Ce texte reprend l’autobiographie d’un chaman en racontant la
chose suivante qui est toujours restée ancrée en moi comme une
question : c’est un jeune homme qui a à peu près 14 ans — un
Indien d’Amérique du Nord, du Canada — et qui assiste à une
cure faite par un chaman. Le chaman soigne une femme et à un
moment donné il sort de l’intérieur de son corps une boule
ensanglantée en disant:
“La
maladie, c’est ça !” Le jeune homme qui est là attrape le
chaman après la séance et lui dit “Je t’ai vu, tu es
un tricheur, ce que tu fais, ce n’est pas vrai. Je t’ai vu, tu
as mis des plumes dans ta bouche, tu les a mâchées pendant tout
le temps que tu traitais cette femme et au dernier moment tu
t’es mordu la langue, ça saignait. Je t’ai vu sortir cette
boule de ta bouche et tu as fait semblant de la sortir du ventre
de la femme. En fait, tu n’as pas fait sortir la maladie du
corps de la femme puisque la boule c’était des plumes et ton
sang”.
Et
c’est alors que le vieux chaman lui répond la seule chose
qu’il puisse lui rétorquer: “Tu me dis ça, parce que tu veux
être initié au chamanisme, eh bien, je vais t’apprendre”. Le
livre raconte la suite des événements: l’initiation du jeune
homme qui apprend en particulier comment chasser la maladie,
comment s’envoler, comment rentrer dans un caillou, etc.

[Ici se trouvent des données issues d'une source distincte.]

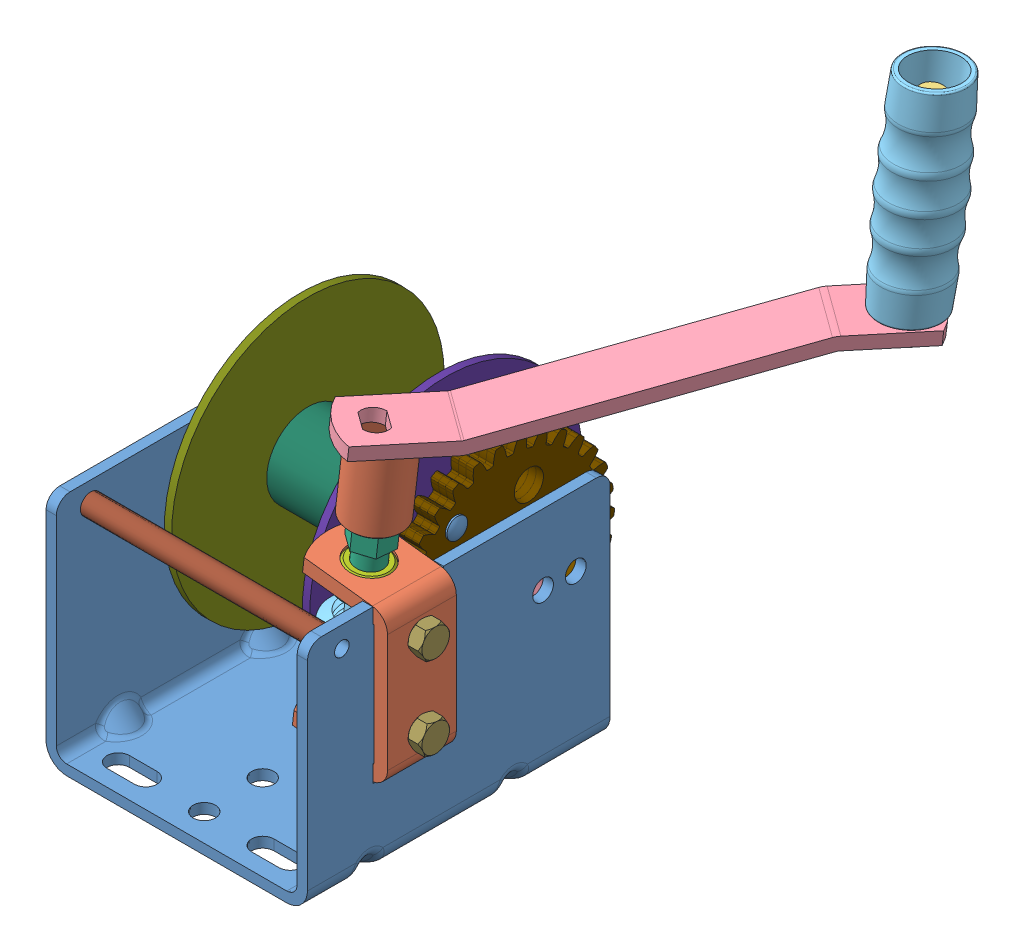
SolidWorks assembly WG1500 Hex Drive (1), configuration Predeterminado. Lengths in mm.
Overall size (251.67 346.34 225.75).
32 component instances, 24 part files, 0 mates.
Components (placement in the parent):
- 404458 Base-1: 404458 Base [Predeterminado] at origin size (120.73 107.99 139.7)
- 404457 Worm Bracket-1: 404457 Worm Bracket [Predeterminado] at (17.981 37.5729 93.2078) size (48.69 74.45 31.75)
- 204007 Drive Shaft Bottom Bushing-1: 204007 Drive Shaft Bottom Bushing [Predeterminado] at (34.0483 39.6265 93.2078) x (0.11696 0.993137 0) z (-0.289917 0.034143 -0.956443) size (10.32 23.81 23.81)
- 404439 Spacer-1: 404439 Spacer [Predeterminado] at (36.5475 60.8476 93.2078) x (-0.574047 0.067604 0.816027) z (-0.11696 -0.993137 0) size (22.23 22.23 11.05)
- 404435 Worm Gear P8-1: 404435 Worm Gear P8 [Predeterminado] at (36.5475 60.8476 93.2078) x (-0.989929 0.116582 -0.080302) z (0.11696 0.993137 0) size (33.45 33.52 39.41)
- 205186 Thrust Bearing Race-1: 205186 Thrust Bearing Race [Predeterminado] at (41.0963 99.4731 93.2078) x (0.864285 -0.101785 0.492597) z (-0.11696 -0.993137 0) size (23.81 23.81 0.79)
- 204006 Drive Shaft Bushing-1: 204006 Drive Shaft Bushing [Predeterminado] at (42.2863 109.777 93.2078) x (-0.11696 -0.993137 0) z (-0.992861 0.116927 0.023576) size (8.69 23.81 23.81)
- 205109 Flat Washer-1: 205109 Flat Washer [Predeterminado] at (41.2696 101.1436 93.2078) x (0.992132 -0.116841 -0.044969) z (-0.11696 -0.993137 0) size (23.81 23.81 1.19)
- 204489 Spring Washer-1: 204489 Spring Washer [Predeterminado] at (41.1255 99.9201 93.2078) x (0.992772 -0.116917 0.027098) z (-0.11696 -0.993137 0) size (19.05 19.05 0.41)
- 205246 Roll Pin-1: 205246 Roll Pin [Predeterminado] at (50.6614 92.7533 94.0365) x (0.122809 0.425097 -0.896778) z (-0.989929 0.116582 -0.080302) size (4.76 4.76 20.64)
- 404434 Base spacer-1: 404434 Base spacer [Predeterminado] at (0 98.425 123.825) x (0 0.855839 -0.517243) z (-1 0 0) size (9.53 9.53 111.12)
- 205235 Screw-1: 205235 Screw [Predeterminado] at (66.675 91.929 93.2078) x (0 0.999629 0.027237) z (1 0 0) size (14.68 14.68 20.87)
- 205235 Screw-2: 205235 Screw [Predeterminado] at (66.675 53.8289 93.2078) x (0 -0.575948 -0.817487) z (1 0 0) size (14.68 14.68 20.87)
- 204808 Spacer-1: 204808 Spacer [Predeterminado] at (-55.5625 75.4062 30.9626) x (0 0 -1) z (1 0 0) size (12.55 12.55 111.12)
- 204803 Lock Nut-1: 204803 Lock Nut [Predeterminado] at (-66.675 75.4062 30.9626) x (0 -0.583557 -0.812072) z (1 0 0) size (14.68 14.68 8.37)
- 304432 Reel Assembly-1: 304432 Reel Assembly [Predeterminado] at (-54.9275 75.4062 30.9626) x (1 0 0) z (0 0.563677 0.825995) size (109.98 162.45 162.45)
  - 406042 Large Reel Hub-1: 406042 Large Reel Hub [Predeterminado] at origin size (109.98 38.1 38.1)
  - 404440 Side Plate-1: 404440 Side Plate [Predeterminado] at (3.3274 0 0) x (0 -0.357166 -0.934041) z (1 0 0) size (125.81 125.81 3.43)
  - 404444 Reel Divider-1: 404444 Reel Divider [Predeterminado] at (67.0179 0 0) x (0 0.239819 -0.970818) z (1 0 0) size (125.81 125.81 3.43)
  - 304395 Tooth Gear Assembly-1: 304395 Tooth Gear Assembly [Predeterminado] at (87.9094 0 0) x (0 0.960662 -0.277719) z (1 0 0) size (99.67 100.01 13.42)
    - 404443 30T Gear-1: 404443 30T Gear [Predeterminado] at origin size (99.67 100.01 3.42)
    - 404443 30T Gear-2: 404443 30T Gear [Predeterminado] at (0 0 3.4163) size (99.67 100.01 3.42)
    - 404443 30T Gear-3: 404443 30T Gear [Predeterminado] at (0 0 6.8326) size (99.67 100.01 3.42)
    - 206078 Rivit-1: 206078 Rivit [Predeterminado] at (0 36.5125 12.6289) x (0 0 -1) z (-0.029007 -0.999579 0) size (13.42 9.53 9.53)
    - 206078 Rivit-2: 206078 Rivit [Predeterminado] at (31.6208 -18.2563 12.6289) x (0 0 -1) z (0.972835 0.231501 0) size (13.42 9.53 9.53)
    - 206078 Rivit-3: 206078 Rivit [Predeterminado] at (-31.6208 -18.2563 12.6289) x (0 0 -1) z (-0.172822 0.984953 0) size (13.42 9.53 9.53)
- 306132 Hex Handle-1: 306132 Hex Handle [Predeterminado] at (44.5344 128.6668 93.2078) x (0.564031 -0.066425 -0.823077) z (0.817428 -0.096267 0.567929) size (205.72 178.9 28.5)
  - 206596 Socket-1: 206596 Socket [Predeterminado] at origin size (25.4 34.44 25.4)
  - 204005 Crank Handle Pin-1: 204005 Crank Handle Pin [Predeterminado] at (171.45 67.7736 0) x (0 1 0) z (-0.529748 0 0.848155) size (101.2 19.05 19.05)
  - 404234 7 Handle-1: 404234 7 Handle [Predeterminado] at (-17.4625 34.4361 0) size (201.61 42.86 25.4)
  - 204004 Handle Sleeve-1: 204004 Handle Sleeve [Predeterminado] at (171.45 178.8986 0) x (0 -1 0) z (0 0 1) size (101.61 33.06 28.5)
- 406102 WG Hex Shaft-1: 406102 WG Hex Shaft [Predeterminado] at (43.2302 117.5927 93.2078) x (0.989929 -0.116582 0.080302) z (0.11696 0.993137 0) size (15.88 18.33 110.23)

Le
jeune homme grandit et devient chaman à son tour, mais d’une façon
assez bizarre. Un jour un malade lui dit : “J’ai rêvé que
c’était toi qui me soignais”. Il entreprend de le soigner, ça
marche. Et il continue à soigner, devenant chaman à son tour. Un
jour il rencontre l’ethnologue Franz Boas à qui il raconte son
histoire:
“Moi, je suis un vrai chaman parce qu’à côté il y a un
chaman qui dit faire sortir la maladie, mais il ne fait pas sortir
la maladie. Le chaman d’à côté, Il plante une épée dans un
arbre, il fait un tour de “passe-passe” et quand il se lève
l’épée bouge et à ce moment là il dit : “Voyez la maladie
c’était du vent et c’est le vent de la maladie qui a fait
bouger l’épée”.
Ça c’est une “fausse” maladie, moi je sors une “vraie”
maladie puisque je la sors de la boule ensanglantée — comme mon
maître ”.
Nous
nous trouvons ici devant la situation où un vieux chaman porte en
même temps une critique sur celui qui va devenir son maître et
une critique qui semble plus rationnelle — du type de celle que
nous pourrions porter ! Au fur et à mesure il bouge dans son récit
et à la fin, ce qu’il avait critiqué chez son maître, c’est
ce qui fait que lui est un vrai chaman et l’autre un faux.